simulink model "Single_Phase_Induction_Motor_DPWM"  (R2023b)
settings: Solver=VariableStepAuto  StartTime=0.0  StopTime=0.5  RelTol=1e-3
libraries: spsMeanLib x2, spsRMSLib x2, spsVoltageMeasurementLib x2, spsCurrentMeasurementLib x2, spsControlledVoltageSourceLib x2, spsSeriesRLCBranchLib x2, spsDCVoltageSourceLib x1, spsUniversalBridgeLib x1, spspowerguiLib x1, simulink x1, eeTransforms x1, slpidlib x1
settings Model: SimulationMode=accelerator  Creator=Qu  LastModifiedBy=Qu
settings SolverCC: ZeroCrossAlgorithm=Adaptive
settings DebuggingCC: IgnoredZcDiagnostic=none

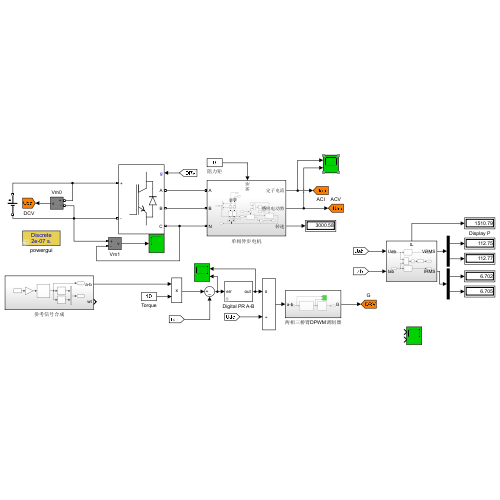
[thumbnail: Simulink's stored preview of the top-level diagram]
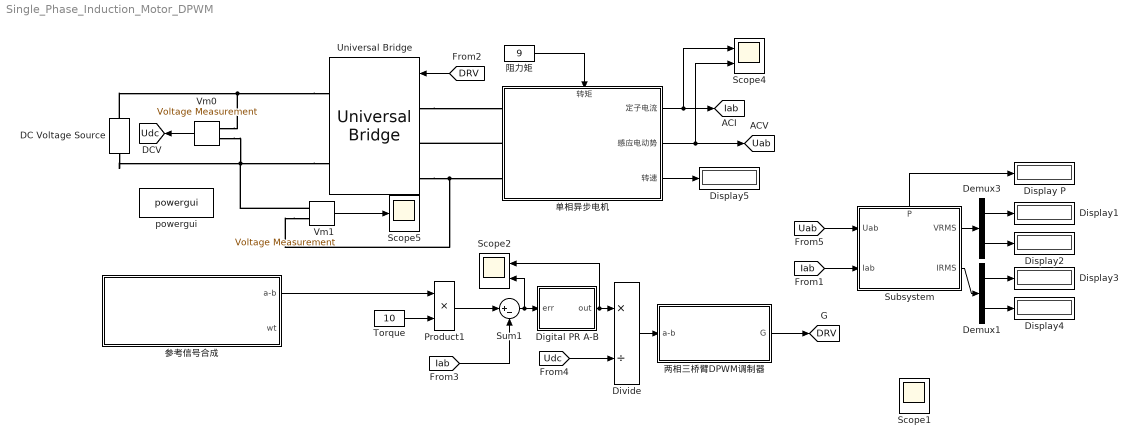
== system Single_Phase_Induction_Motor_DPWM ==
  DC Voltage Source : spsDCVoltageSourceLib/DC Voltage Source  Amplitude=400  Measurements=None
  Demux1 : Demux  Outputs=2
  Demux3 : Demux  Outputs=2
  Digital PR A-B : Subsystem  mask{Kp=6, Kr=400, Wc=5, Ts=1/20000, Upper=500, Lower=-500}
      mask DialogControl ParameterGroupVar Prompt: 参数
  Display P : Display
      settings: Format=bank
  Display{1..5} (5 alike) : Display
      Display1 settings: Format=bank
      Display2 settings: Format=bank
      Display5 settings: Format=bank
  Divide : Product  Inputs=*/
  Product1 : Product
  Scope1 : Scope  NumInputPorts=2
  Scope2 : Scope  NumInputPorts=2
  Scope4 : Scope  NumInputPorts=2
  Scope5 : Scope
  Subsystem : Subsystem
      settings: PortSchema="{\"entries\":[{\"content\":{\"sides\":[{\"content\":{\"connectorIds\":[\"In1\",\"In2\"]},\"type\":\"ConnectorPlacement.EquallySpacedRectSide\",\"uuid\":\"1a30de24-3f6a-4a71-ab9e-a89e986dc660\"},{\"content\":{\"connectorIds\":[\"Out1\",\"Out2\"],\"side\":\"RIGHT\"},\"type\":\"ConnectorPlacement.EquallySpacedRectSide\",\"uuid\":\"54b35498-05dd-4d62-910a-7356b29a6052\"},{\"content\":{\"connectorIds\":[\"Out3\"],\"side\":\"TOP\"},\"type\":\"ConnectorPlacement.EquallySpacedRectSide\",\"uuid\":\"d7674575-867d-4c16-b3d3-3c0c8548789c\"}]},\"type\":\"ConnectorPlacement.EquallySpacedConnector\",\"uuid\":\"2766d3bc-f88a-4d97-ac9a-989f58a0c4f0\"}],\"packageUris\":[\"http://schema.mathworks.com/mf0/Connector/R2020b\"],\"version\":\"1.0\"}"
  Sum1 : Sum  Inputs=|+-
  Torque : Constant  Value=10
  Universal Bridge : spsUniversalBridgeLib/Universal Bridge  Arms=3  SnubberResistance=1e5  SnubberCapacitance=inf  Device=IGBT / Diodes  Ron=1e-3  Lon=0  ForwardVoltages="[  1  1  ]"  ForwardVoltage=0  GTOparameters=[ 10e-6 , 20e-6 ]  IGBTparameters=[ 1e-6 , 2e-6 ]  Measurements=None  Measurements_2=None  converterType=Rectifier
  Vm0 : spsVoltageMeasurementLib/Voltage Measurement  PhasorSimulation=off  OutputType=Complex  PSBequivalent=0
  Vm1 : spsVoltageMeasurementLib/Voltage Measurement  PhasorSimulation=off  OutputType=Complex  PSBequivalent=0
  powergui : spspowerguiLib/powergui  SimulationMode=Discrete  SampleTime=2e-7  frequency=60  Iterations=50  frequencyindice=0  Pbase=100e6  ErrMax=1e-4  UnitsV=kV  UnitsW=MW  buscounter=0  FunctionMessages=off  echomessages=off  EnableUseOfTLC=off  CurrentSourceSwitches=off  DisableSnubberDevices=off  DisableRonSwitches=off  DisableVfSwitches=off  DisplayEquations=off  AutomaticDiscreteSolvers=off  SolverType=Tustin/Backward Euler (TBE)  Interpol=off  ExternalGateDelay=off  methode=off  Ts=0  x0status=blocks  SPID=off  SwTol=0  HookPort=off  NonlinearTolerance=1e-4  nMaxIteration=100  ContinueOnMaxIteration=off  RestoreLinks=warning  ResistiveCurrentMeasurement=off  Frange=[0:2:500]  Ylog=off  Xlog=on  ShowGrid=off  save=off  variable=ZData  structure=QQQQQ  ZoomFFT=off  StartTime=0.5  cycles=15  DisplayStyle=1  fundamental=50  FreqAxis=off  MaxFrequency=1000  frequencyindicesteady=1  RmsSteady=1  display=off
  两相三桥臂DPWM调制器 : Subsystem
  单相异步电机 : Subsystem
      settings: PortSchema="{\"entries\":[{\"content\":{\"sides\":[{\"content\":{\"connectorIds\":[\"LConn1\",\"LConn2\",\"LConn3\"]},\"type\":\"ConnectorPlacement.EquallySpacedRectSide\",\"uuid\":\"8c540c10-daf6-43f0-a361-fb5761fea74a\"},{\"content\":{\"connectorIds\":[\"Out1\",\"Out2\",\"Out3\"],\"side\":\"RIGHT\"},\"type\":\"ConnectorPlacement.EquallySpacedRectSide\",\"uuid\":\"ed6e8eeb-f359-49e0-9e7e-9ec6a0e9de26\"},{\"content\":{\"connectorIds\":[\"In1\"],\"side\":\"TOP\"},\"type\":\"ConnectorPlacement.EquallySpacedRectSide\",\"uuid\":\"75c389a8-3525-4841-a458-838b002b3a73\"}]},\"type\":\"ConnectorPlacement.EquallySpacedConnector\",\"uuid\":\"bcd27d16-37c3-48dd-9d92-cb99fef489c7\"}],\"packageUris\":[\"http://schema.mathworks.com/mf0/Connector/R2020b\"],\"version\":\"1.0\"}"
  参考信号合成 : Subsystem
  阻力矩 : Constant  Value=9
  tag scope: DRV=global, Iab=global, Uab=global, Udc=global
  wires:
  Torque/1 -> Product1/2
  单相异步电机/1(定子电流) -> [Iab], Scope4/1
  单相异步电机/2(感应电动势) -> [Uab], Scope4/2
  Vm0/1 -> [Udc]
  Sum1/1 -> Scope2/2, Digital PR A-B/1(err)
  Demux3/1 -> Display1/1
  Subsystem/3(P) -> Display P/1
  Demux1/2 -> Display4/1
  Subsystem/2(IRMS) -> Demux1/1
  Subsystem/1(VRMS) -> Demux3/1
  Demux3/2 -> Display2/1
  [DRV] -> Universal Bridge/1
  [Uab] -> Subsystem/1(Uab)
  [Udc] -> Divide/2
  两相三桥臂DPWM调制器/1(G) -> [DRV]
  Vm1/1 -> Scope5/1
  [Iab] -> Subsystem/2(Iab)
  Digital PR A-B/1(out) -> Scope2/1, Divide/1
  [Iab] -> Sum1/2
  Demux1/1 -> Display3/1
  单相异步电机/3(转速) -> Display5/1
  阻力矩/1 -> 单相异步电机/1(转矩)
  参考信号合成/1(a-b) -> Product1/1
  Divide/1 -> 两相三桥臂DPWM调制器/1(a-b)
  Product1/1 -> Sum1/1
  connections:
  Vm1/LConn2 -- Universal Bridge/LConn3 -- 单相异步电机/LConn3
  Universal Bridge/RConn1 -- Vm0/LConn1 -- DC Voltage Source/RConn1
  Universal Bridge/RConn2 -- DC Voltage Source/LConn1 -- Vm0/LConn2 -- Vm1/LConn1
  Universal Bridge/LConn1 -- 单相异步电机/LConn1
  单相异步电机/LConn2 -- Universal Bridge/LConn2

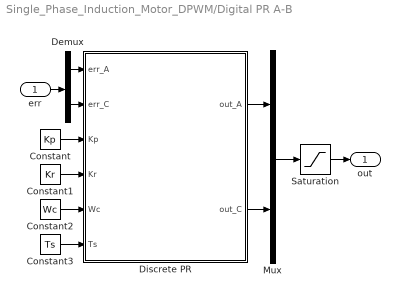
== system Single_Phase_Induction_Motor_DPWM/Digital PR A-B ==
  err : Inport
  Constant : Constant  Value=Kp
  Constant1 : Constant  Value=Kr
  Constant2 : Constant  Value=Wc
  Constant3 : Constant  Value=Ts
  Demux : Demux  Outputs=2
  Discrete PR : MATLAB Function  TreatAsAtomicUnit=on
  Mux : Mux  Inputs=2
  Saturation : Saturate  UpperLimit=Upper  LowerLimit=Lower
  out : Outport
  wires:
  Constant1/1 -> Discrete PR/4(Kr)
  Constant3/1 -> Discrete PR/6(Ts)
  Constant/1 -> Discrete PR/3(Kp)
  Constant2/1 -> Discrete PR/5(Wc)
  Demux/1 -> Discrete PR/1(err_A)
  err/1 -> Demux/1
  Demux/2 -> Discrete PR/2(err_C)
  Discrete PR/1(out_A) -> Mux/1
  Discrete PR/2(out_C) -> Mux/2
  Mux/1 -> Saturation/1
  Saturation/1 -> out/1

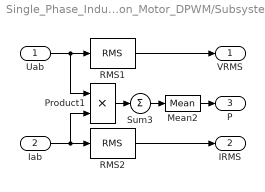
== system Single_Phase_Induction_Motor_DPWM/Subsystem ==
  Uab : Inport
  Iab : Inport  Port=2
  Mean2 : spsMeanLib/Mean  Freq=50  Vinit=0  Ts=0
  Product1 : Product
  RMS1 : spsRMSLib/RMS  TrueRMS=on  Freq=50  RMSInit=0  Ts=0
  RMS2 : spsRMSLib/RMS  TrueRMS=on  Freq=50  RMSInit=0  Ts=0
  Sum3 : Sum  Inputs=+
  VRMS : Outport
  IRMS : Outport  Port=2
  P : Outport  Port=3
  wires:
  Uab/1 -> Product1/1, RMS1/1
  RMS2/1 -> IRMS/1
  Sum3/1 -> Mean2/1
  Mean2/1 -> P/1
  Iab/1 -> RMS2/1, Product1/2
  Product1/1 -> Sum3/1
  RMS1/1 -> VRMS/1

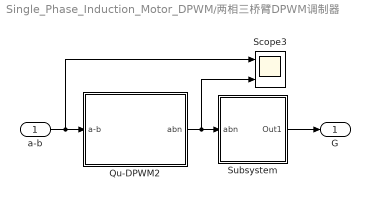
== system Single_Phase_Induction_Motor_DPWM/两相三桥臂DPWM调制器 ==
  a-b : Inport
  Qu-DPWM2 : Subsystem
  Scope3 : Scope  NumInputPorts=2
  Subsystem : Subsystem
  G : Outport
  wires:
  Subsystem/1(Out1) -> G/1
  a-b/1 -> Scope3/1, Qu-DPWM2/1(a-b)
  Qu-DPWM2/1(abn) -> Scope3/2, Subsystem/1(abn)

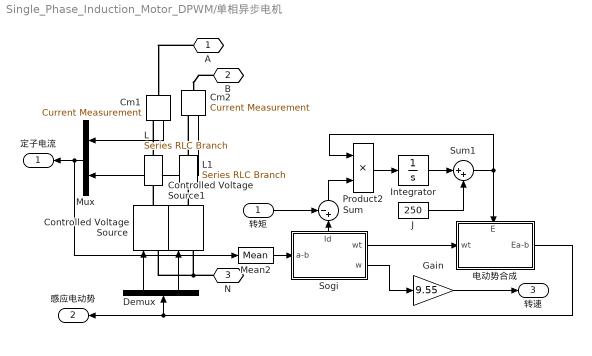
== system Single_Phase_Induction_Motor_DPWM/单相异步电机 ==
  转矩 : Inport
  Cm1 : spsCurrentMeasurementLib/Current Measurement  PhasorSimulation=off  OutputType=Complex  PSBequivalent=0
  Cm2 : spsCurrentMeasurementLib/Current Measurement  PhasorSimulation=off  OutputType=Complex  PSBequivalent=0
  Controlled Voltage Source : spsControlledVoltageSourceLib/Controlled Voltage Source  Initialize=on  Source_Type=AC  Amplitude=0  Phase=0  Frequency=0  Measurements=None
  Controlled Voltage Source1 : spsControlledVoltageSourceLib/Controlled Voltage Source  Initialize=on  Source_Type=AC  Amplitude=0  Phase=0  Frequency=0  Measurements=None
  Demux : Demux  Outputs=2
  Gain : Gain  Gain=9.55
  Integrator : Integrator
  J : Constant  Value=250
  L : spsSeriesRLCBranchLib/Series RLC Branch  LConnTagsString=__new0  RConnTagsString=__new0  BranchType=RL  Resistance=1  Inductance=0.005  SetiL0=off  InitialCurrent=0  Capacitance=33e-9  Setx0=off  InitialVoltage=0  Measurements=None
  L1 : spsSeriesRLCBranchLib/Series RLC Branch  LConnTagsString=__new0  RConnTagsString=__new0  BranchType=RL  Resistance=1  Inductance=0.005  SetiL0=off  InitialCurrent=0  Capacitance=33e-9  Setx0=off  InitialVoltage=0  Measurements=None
::::
## [What to do]
Although pictures appear among the entries, please set down only the lines from the one with "Sum3/1 -> Mean2/1" up to and including the one with "Controlled Voltage Source1", word for word.

## [Solution to this problem]
  Sum3/1 -> Mean2/1
  Mean2/1 -> P/1
  Iab/1 -> RMS2/1, Product1/2
  Product1/1 -> Sum3/1
  RMS1/1 -> VRMS/1

== system Single_Phase_Induction_Motor_DPWM/两相三桥臂DPWM调制器 ==
  a-b : Inport
  Qu-DPWM2 : Subsystem
  Scope3 : Scope  NumInputPorts=2
  Subsystem : Subsystem
  G : Outport
  wires:
  Subsystem/1(Out1) -> G/1
  a-b/1 -> Scope3/1, Qu-DPWM2/1(a-b)
  Qu-DPWM2/1(abn) -> Scope3/2, Subsystem/1(abn)

== system Single_Phase_Induction_Motor_DPWM/单相异步电机 ==
  转矩 : Inport
  Cm1 : spsCurrentMeasurementLib/Current Measurement  PhasorSimulation=off  OutputType=Complex  PSBequivalent=0
  Cm2 : spsCurrentMeasurementLib/Current Measurement  PhasorSimulation=off  OutputType=Complex  PSBequivalent=0
  Controlled Voltage Source : spsControlledVoltageSourceLib/Controlled Voltage Source  Initialize=on  Source_Type=AC  Amplitude=0  Phase=0  Frequency=0  Measurements=None
  Controlled Voltage Source1 : spsControlledVoltageSourceLib/Controlled Voltage Source  Initialize=on  Source_Type=AC  Amplitude=0  Phase=0  Frequency=0  Measurements=None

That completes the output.